#### TASK INSTRUCTIONS:
Wherever a picture appears, skip it and retype the rest of the data exactly.

#### RECORDS FOR THIS EXERCISE:

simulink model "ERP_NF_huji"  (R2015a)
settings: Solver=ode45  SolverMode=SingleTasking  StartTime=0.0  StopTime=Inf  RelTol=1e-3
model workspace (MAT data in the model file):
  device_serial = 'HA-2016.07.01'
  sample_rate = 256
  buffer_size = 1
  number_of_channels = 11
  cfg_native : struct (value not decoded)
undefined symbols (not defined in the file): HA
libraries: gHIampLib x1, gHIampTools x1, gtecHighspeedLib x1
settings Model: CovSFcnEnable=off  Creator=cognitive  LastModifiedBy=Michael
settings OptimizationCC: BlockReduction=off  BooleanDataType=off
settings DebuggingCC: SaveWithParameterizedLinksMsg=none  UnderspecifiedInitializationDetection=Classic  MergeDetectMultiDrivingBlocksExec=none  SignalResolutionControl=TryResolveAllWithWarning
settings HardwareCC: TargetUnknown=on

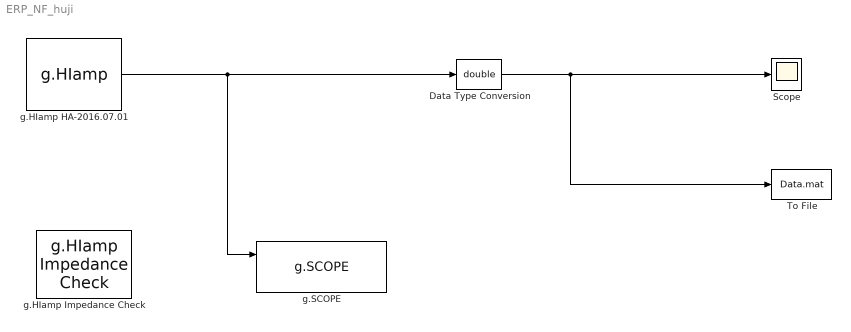
== system ERP_NF_huji ==
  Data Type Conversion : DataTypeConversion  OutDataTypeStr=double
  Scope : Scope
      settings: TimeRange=10  YMin=-40  YMax=30
  To File : ToFile  StartFcn=% cd C:\Users\sareld\Documents\eeg-rl\eeg-rl\experiment\code\matlab  StopFcn=|  Filename=Data.mat  MatrixName=full_data  SaveFormat=Timeseries
      | dataFilename = input('Enter file name for saving the current data','s');
      | dirName = [dataFilename '_' datestr(datetime('today'))];
      | mkdir (['Z:\EEG_Data\Car_Game_NF\' dirName])
      | copyfile('Data.mat',['Z:\EEG_Data\Car_Game_NF\' dirName '\Data_' dataFilename '_' datestr(datetime('today')) '.mat'],'f');
  g.HIamp HA-2016.07.01 : gHIampLib/g.HIamp  sample_rate=256  buffer_size=1  number_of_channels=11  device_serial=HA-2016.07.01
  g.HIamp Impedance Check : gHIampTools/g.HIamp Impedance Check
  g.SCOPE : gtecHighspeedLib/g.SCOPE
  wires:
  g.HIamp HA-2016.07.01/1 -> g.SCOPE/1, Data Type Conversion/1
  Data Type Conversion/1 -> To File/1, Scope/1

#### ANSWER BELOW:
simulink model "ERP_NF_huji"  (R2015a)
settings: Solver=ode45  SolverMode=SingleTasking  StartTime=0.0  StopTime=Inf  RelTol=1e-3
model workspace (MAT data in the model file):
  device_serial = 'HA-2016.07.01'
  sample_rate = 256
  buffer_size = 1
  number_of_channels = 11
  cfg_native : struct (value not decoded)
undefined symbols (not defined in the file): HA
libraries: gHIampLib x1, gHIampTools x1, gtecHighspeedLib x1
settings Model: CovSFcnEnable=off  Creator=cognitive  LastModifiedBy=Michael
settings OptimizationCC: BlockReduction=off  BooleanDataType=off
settings DebuggingCC: SaveWithParameterizedLinksMsg=none  UnderspecifiedInitializationDetection=Classic  MergeDetectMultiDrivingBlocksExec=none  SignalResolutionControl=TryResolveAllWithWarning
settings HardwareCC: TargetUnknown=on

== system ERP_NF_huji ==
  Data Type Conversion : DataTypeConversion  OutDataTypeStr=double
  Scope : Scope
      settings: TimeRange=10  YMin=-40  YMax=30
  To File : ToFile  StartFcn=% cd C:\Users\sareld\Documents\eeg-rl\eeg-rl\experiment\code\matlab  StopFcn=|  Filename=Data.mat  MatrixName=full_data  SaveFormat=Timeseries
      | dataFilename = input('Enter file name for saving the current data','s');
      | dirName = [dataFilename '_' datestr(datetime('today'))];
      | mkdir (['Z:\EEG_Data\Car_Game_NF\' dirName])
      | copyfile('Data.mat',['Z:\EEG_Data\Car_Game_NF\' dirName '\Data_' dataFilename '_' datestr(datetime('today')) '.mat'],'f');
  g.HIamp HA-2016.07.01 : gHIampLib/g.HIamp  sample_rate=256  buffer_size=1  number_of_channels=11  device_serial=HA-2016.07.01
  g.HIamp Impedance Check : gHIampTools/g.HIamp Impedance Check
  g.SCOPE : gtecHighspeedLib/g.SCOPE
  wires:
  g.HIamp HA-2016.07.01/1 -> g.SCOPE/1, Data Type Conversion/1
  Data Type Conversion/1 -> To File/1, Scope/1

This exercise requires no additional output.